Immaginiamo, però, che anziché occasionalmente questo modello difensivo nei confronti dello stress sia quello abituale e presumiamo che questo accada in un soggetto predisposto, magari in presenza di femenomi tossici o di carenze alimentari specifiche (quali antiossidanti o alcune vitamine); una persona “senza vizi” che eserciti un forte rigore morale su di sé. Forse il nostro soggetto presenta anche una tendenza depressiva, latente o border line, che contribuisce ad amplificare le alterazioni percettive. Dal nostro punto di vista le manifestazioni depressive sono dovute ad una somma di fattori fra cui carenze nutrizionali e meccanismi di autoinibizione neurologica, oltre a restrizioni di tipo emotivo e psicologico.

Immaginiamo, poi, che tale stimolazione, nel nostro ipotetico soggetto, sia amplificata moltissimo rispetto ad altri (ognuno di noi ha predisposizioni individuali e modelli di percezione/reazione differente), costringendo certe aree del cervello (le aree extrapiramidali, che hanno un’azione moderatrice e contribuiscono alla fluidità del movimento) ad essere continuamente chiamate in causa per moderare e limitare queste iperstimolazioni. Come svuotato, il sistema si logorerà progressivamente, fino a smettere di funzionare. E a questo punto, anche il minimo stimolo provocherà reazioni tali da indurre tutte quei sintomi che abbiamo già elencato.

Ognuno di questi sintomi, anche se in modo meno evidente e, soprattutto, presenti in modo discontinuo, è presente nelle persone che si rivolgono a noi kinesiopati per contrastare gli effetti che lo stress ha sul nostro corpo. Partendo da questa prospettiva, abbiamo cominciato ad allentare le tensioni presenti a livello della base del cranio, area in cui vengono accumulate molte “tensioni difensive” nei confronti delle aggressioni che ogni giorno subiamo, utilizzando prevalentemente tecniche di Cranio-Sacral Repatterning (quali lo sblocco sub-occipitale o l’unwinding della muscolatura del collo) o di Kinesiologia Transazionale (trattamento del diaframma cerebellare, splintaggio della muscolatura occlusale, stimolazione dei riflessi neurovascolari): la capacità di allentare le tensioni in questa area insieme alla riprogrammazione posturale (che riduce la quantità di stimoli nervosi in grado di innalzare la stimolazione e la confusione del Sistema Nervoso Centrale) ci ha garantito da subito una riduzione del tremore e della rigidità, favorendo quella mobilità che è di grande aiuto per queste persone, per migliorare il loro benessere globale.
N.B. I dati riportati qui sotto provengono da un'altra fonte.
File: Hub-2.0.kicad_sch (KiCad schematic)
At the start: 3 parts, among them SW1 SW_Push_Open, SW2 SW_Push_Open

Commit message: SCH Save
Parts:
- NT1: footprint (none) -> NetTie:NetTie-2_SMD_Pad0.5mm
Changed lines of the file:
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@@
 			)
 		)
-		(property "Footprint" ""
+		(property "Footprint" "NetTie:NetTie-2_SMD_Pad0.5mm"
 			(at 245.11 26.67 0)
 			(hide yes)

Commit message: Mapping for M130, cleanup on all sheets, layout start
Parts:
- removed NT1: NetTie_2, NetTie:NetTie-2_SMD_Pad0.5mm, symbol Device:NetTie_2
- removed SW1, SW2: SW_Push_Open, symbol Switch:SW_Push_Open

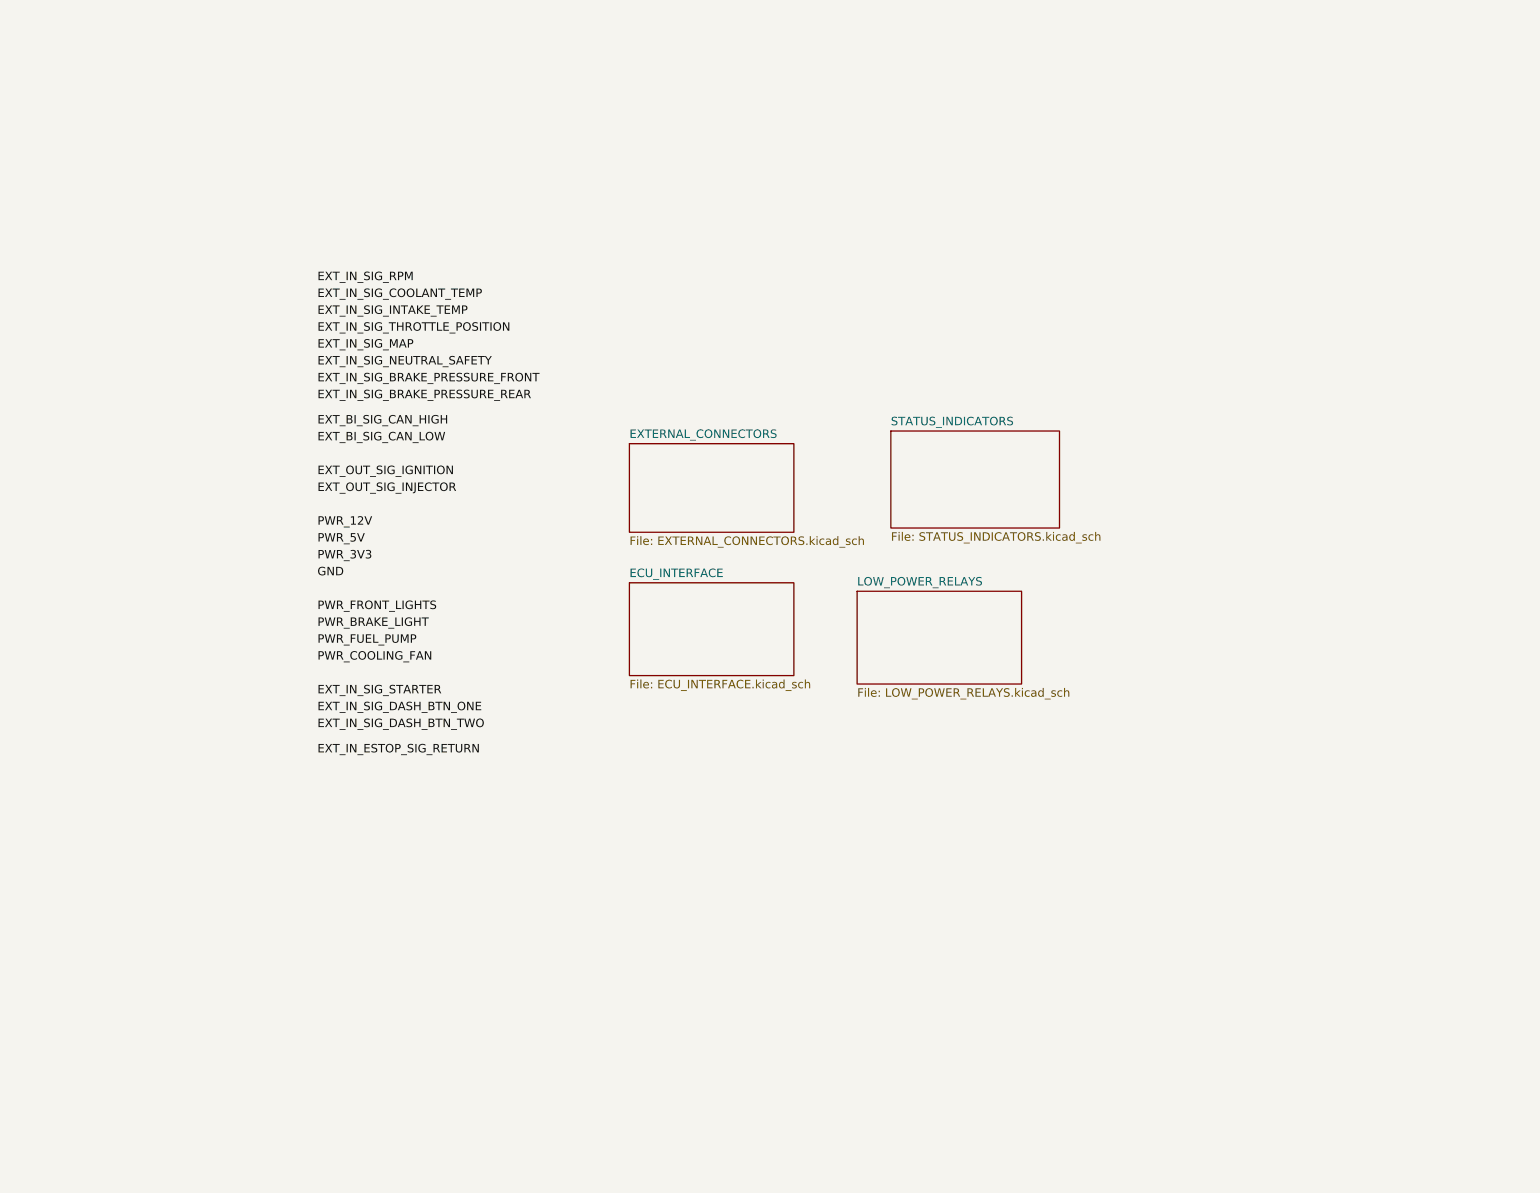
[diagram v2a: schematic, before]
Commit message: Clean up root sheet
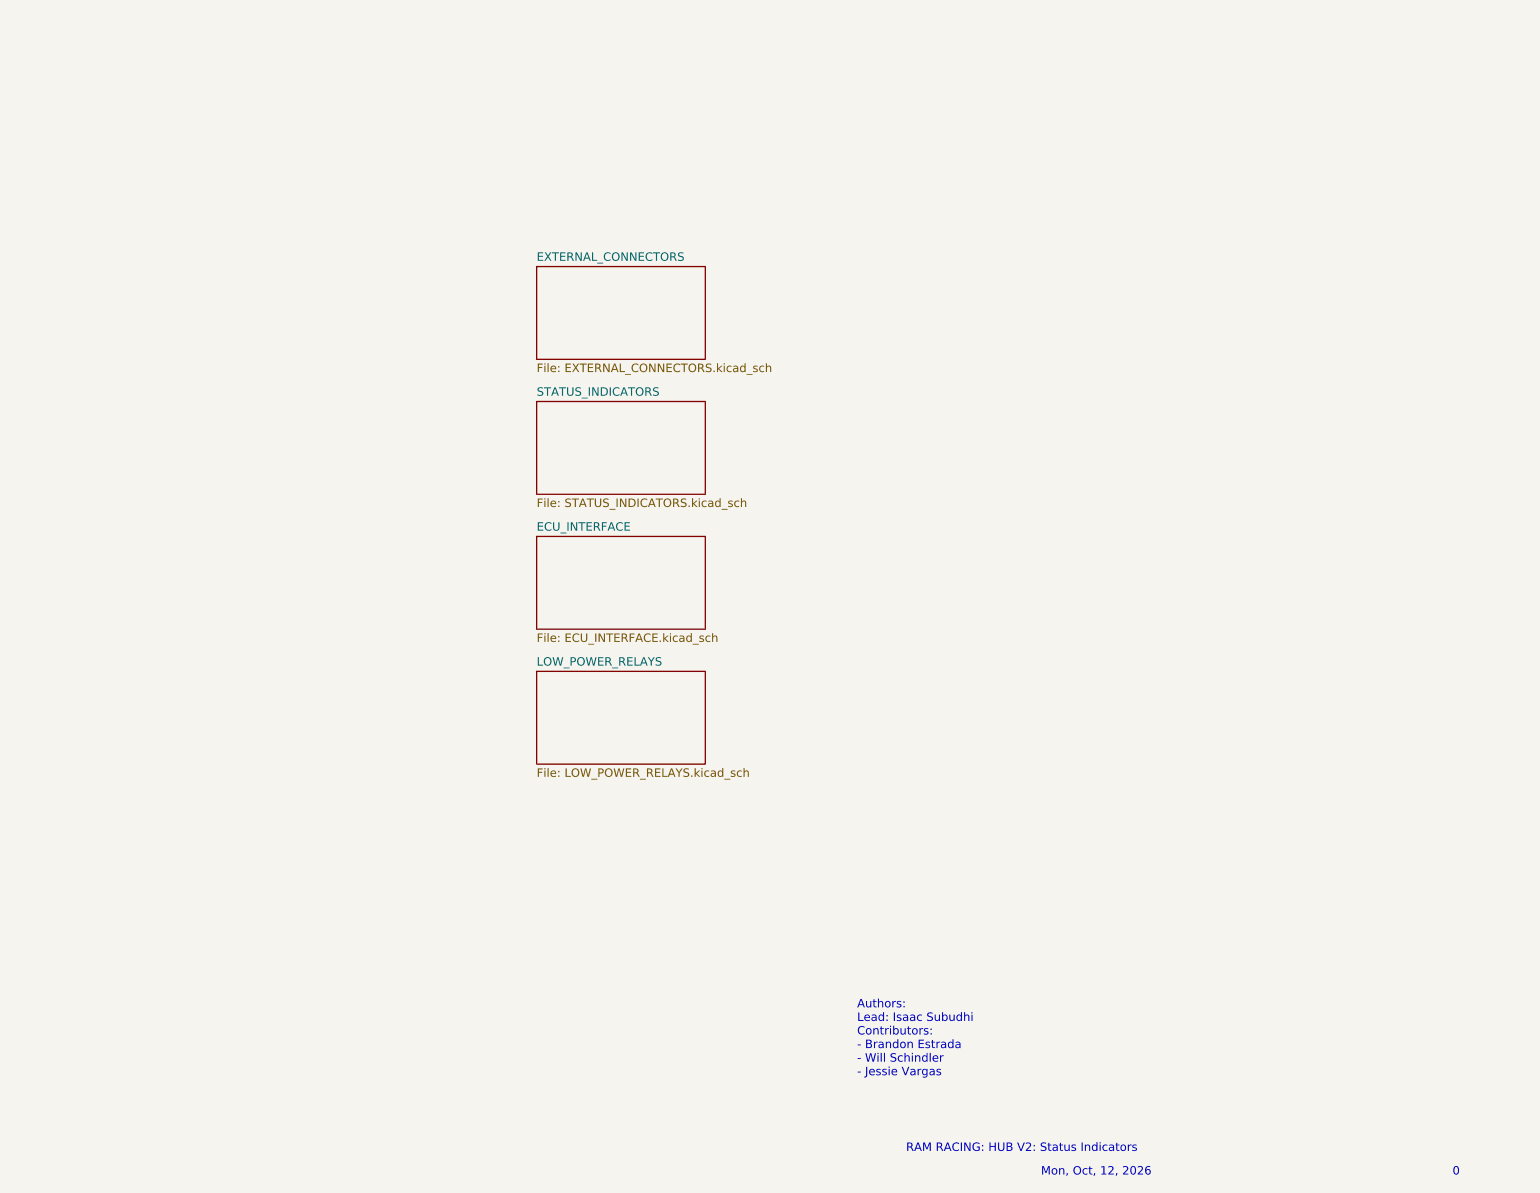
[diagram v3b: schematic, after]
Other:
- note added: "0"
- note added: "Authors: Lead: Isaac Subudhi Contributors: - Brandon Estrada - Will Schindler - Jessie Vargas"
- note added: "Mon, Oct, 12, 2026"
- note added: "RAM RACING: HUB V2: Status Indicators"
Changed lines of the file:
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@@
 	(generator_version "10.0")
 	(paper "A4")
-	(label "GND"
-		(at 96.52 104.14 0)
-		(effects
-			(font
-				(size 1.27 1.27)
-			)
-			(justify left bottom)
-		)
-	)
-	(label "EXT_IN_SIG_BRAKE_PRESSURE_REAR"
-		(at 96.52 77.47 0)
-		(effects
-			(font
-				(size 1.27 1.27)
-			)
-			(justify left bottom)
-		)
-	)
-	(label "EXT_IN_SIG_STARTER"
-		(at 96.52 121.92 0)
-		(effects
-			(font
-				(size 1.27 1.27)
-			)
-			(justify left bottom)
-		)
-	)
-	(label "EXT_BI_SIG_CAN_HIGH"
-		(at 96.52 81.28 0)
-		(effects
-			(font
-				(size 1.27 1.27)
-			)
-			(justify left bottom)
-		)
-	)
-	(label "PWR_3V3"
-		(at 96.52 101.6 0)
-		(effects
-			(font
-				(size 1.27 1.27)
-			)
-			(justify left bottom)
-		)
-	)
-	(label "EXT_IN_SIG_DASH_BTN_TWO"
-		(at 96.52 127 0)
-		(effects
-			(font
-				(size 1.27 1.27)
-			)
-			(justify left bottom)
-		)
-	)
-	(label "PWR_FRONT_LIGHTS"
-		(at 96.52 109.22 0)
-		(effects
-			(font
-				(size 1.27 1.27)
-			)
-			(justify left bottom)
-		)
-	)
-	(label "EXT_IN_SIG_INTAKE_TEMP"
-		(at 96.52 64.77 0)
-		(effects
-			(font
-				(size 1.27 1.27)
-			)
-			(justify left bottom)
-		)
-	)
-	(label "EXT_IN_SIG_COOLANT_TEMP"
-		(at 96.52 62.23 0)
-		(effects
-			(font
-				(size 1.27 1.27)
-			)
-			(justify left bottom)
-		)
-	)
-	(label "EXT_OUT_SIG_INJECTOR"
-		(at 96.52 91.44 0)
-		(effects
-			(font
-				(size 1.27 1.27)
-			)
-			(justify left bottom)
-		)
-	)
-	(label "EXT_IN_ESTOP_SIG_RETURN"
-		(at 96.52 130.81 0)
-		(effects
-			(font
-				(size 1.27 1.27)
-			)
-			(justify left bottom)
-		)
-	)
-	(label "EXT_BI_SIG_CAN_LOW"
-		(at 96.52 83.82 0)
-		(effects
-			(font
-				(size 1.27 1.27)
-			)
-			(justify left bottom)
-		)
-	)
-	(label "EXT_IN_SIG_BRAKE_PRESSURE_FRONT"
-		(at 96.52 74.93 0)
-		(effects
-			(font
-				(size 1.27 1.27)
-			)
-			(justify left bottom)
-		)
-	)
-	(label "EXT_IN_SIG_MAP"
-		(at 96.52 69.85 0)
-		(effects
-			(font
-				(size 1.27 1.27)
-			)
-			(justify left bottom)
-		)
-	)
-	(label "PWR_FUEL_PUMP"
-		(at 96.52 114.3 0)
-		(effects
-			(font
-				(size 1.27 1.27)
-			)
-			(justify left bottom)
-		)
-	)
-	(label "PWR_BRAKE_LIGHT"
-		(at 96.52 111.76 0)
-		(effects
-			(font
-				(size 1.27 1.27)
-			)
-			(justify left bottom)
-		)
-	)
-	(label "EXT_IN_SIG_THROTTLE_POSITION"
-		(at 96.52 67.31 0)
-		(effects
-			(font
-				(size 1.27 1.27)
-			)
-			(justify left bottom)
-		)
-	)
-	(label "EXT_OUT_SIG_IGNITION"
-		(at 96.52 88.9 0)
-		(effects
-			(font
-				(size 1.27 1.27)
-			)
-			(justify left bottom)
-		)
-	)
-	(label "EXT_IN_SIG_RPM"
-		(at 96.52 59.69 0)
-		(effects
-			(font
-				(size 1.27 1.27)
-			)
-			(justify left bottom)
-		)
-	)
-	(label "EXT_IN_SIG_NEUTRAL_SAFETY"
-		(at 96.52 72.39 0)
-		(effects
-			(font
-				(size 1.27 1.27)
-			)
-			(justify left bottom)
-		)
-	)
-	(label "PWR_5V"
-		(at 96.52 99.06 0)
-		(effects
-			(font
-				(size 1.27 1.27)
-			)
-			(justify left bottom)
-		)
-	)
-	(label "PWR_12V"
-		(at 96.52 96.52 0)
-		(effects
-			(font
-				(size 1.27 1.27)
-			)
-			(justify left bottom)
-		)
-	)
-	(label "EXT_IN_SIG_DASH_BTN_ONE"
-		(at 96.52 124.46 0)
-		(effects
-			(font
-				(size 1.27 1.27)
-			)
-			(justify left bottom)
-		)
-	)
-	(label "PWR_COOLING_FAN"
-		(at 96.52 116.84 0)
-		(effects
-			(font
-				(size 1.27 1.27)
-			)
-			(justify left bottom)
-		)
-	)
-	(sheet
-		(at 143.51 104.775)
-		(size 24.765 13.97)
+	(text "Authors: \nLead: Isaac Subudhi\nContributors:\n- Brandon Estrada\n- Will Schindler\n- Jessie Vargas"
+		(exclude_from_sim no)
+		(at 177.8 173.482 0)
+		(effects
+			(font
+				(size 1.27 1.27)
+			)
+			(justify left)
+		)
+	)
+	(text "RAM RACING: HUB V2: Status Indicators"
+		(exclude_from_sim no)
+		(at 185.166 189.992 0)
+		(effects
+			(font
+				(size 1.27 1.27)
+			)
+			(justify left)
+		)
+	)
+	(text "Mon, Oct, 12, 2026\n"
+		(exclude_from_sim no)
+		(at 205.486 193.548 0)
+		(effects
+			(font
+				(size 1.27 1.27)
+			)
+			(justify left)
+		)
+	)
+	(text "0"
+		(exclude_from_sim no)
+		(at 267.462 193.548 0)
+		(effects
+			(font
+				(size 1.27 1.27)
+			)
+			(justify left)
+		)
+	)
+	(sheet
+		(at 129.54 97.79)
+		(size 25.4 13.97)
 		(exclude_from_sim no)
 		(in_bom yes)
@@
 		)
 		(property "Sheetname" "ECU_INTERFACE"
-			(at 143.51 104.0634 0)
+			(at 129.54 97.0784 0)
 			(show_name no)
 			(do_not_autoplace no)
@@
 		)
 		(property "Sheetfile" "ECU_INTERFACE.kicad_sch"
-			(at 143.51 119.3296 0)
+			(at 129.54 112.3446 0)
 			(show_name no)
 			(do_not_autoplace no)
@@
 	)
 	(sheet
-		(at 177.8 106.045)
-		(size 24.765 13.97)
+		(at 129.54 118.11)
+		(size 25.4 13.97)
 		(exclude_from_sim no)
 		(in_bom yes)
@@
 		)
 		(property "Sheetname" "LOW_POWER_RELAYS"
-			(at 177.8 105.3334 0)
+			(at 129.54 117.3984 0)
 			(show_name no)
 			(do_not_autoplace no)
@@
 		)
 		(property "Sheetfile" "LOW_POWER_RELAYS.kicad_sch"
-			(at 177.8 120.5996 0)
+			(at 129.54 132.6646 0)
 			(show_name no)
 			(do_not_autoplace no)
@@
 	)
 	(sheet
-		(at 182.88 81.915)
-		(size 25.4 14.605)
+		(at 129.54 77.47)
+		(size 25.4 13.97)
 		(exclude_from_sim no)
 		(in_bom yes)
@@
 		)
 		(property "Sheetname" "STATUS_INDICATORS"
-			(at 182.88 81.2034 0)
+			(at 129.54 76.7584 0)
 			(show_name no)
 			(do_not_autoplace no)
@@
 		)
 		(property "Sheetfile" "STATUS_INDICATORS.kicad_sch"
-			(at 182.88 97.1046 0)
+			(at 129.54 92.0246 0)
 			(show_name no)
 			(do_not_autoplace no)
@@
 	)
 	(sheet
-		(at 143.51 83.82)
-		(size 24.765 13.335)
+		(at 129.54 57.15)
+		(size 25.4 13.97)
 		(exclude_from_sim no)
 		(in_bom yes)
@@
 		)
 		(property "Sheetname" "EXTERNAL_CONNECTORS"
-			(at 143.51 83.1084 0)
+			(at 129.54 56.4384 0)
 			(show_name no)
 			(do_not_autoplace no)
@@
 		)
 		(property "Sheetfile" "EXTERNAL_CONNECTORS.kicad_sch"
-			(at 143.51 97.7396 0)
-			(show_name no)
-			(do_not_autoplace no)
+			(at 129.54 71.7046 0)
+			(show_name no)
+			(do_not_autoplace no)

Ovviamente, essendo la Kinesiopatia una disciplina orientata al trattamento soggettivo ogni singola persona trattata è stata gestita secondo percorsi riequilibrativi individuali, essendo impossibile per noi determinare “il trattamento per il Parkinson”. L’obiettivo del nostro percorso è sempre stato quello di trattare la persona che è anche affetta da Parkinson. I migliori risultati, com’era comunque prevedibile, sono stati ottenuti sulle forme più lievi.

Sempre dal punto di vista di un trattamento individuale, tramite l’uso del test alimentare è stato possibile identificare eventuali intolleranze alimentari che possono causare fenomeni d’intossicazione: la rimozione di determinati cibi, associata all’apporto di integratori nutrizionali specifici volti a riparare e rigenerare le capacità metaboliche dei tessuti del corpo, sembra accelerare il processo di riequilibrio.

Anche se non ci è possibile, in questo contesto, addentrarci in profondità sui protocolli da noi utilizzati per aiutare queste persone, da questi due esempi è possibile capire come allentamento delle tensioni, movimento e alimentazione siano cardini importanti, anche se risolutivi, per migliorare la qualità di vita anche di chi è “vittima” del logorio della vita.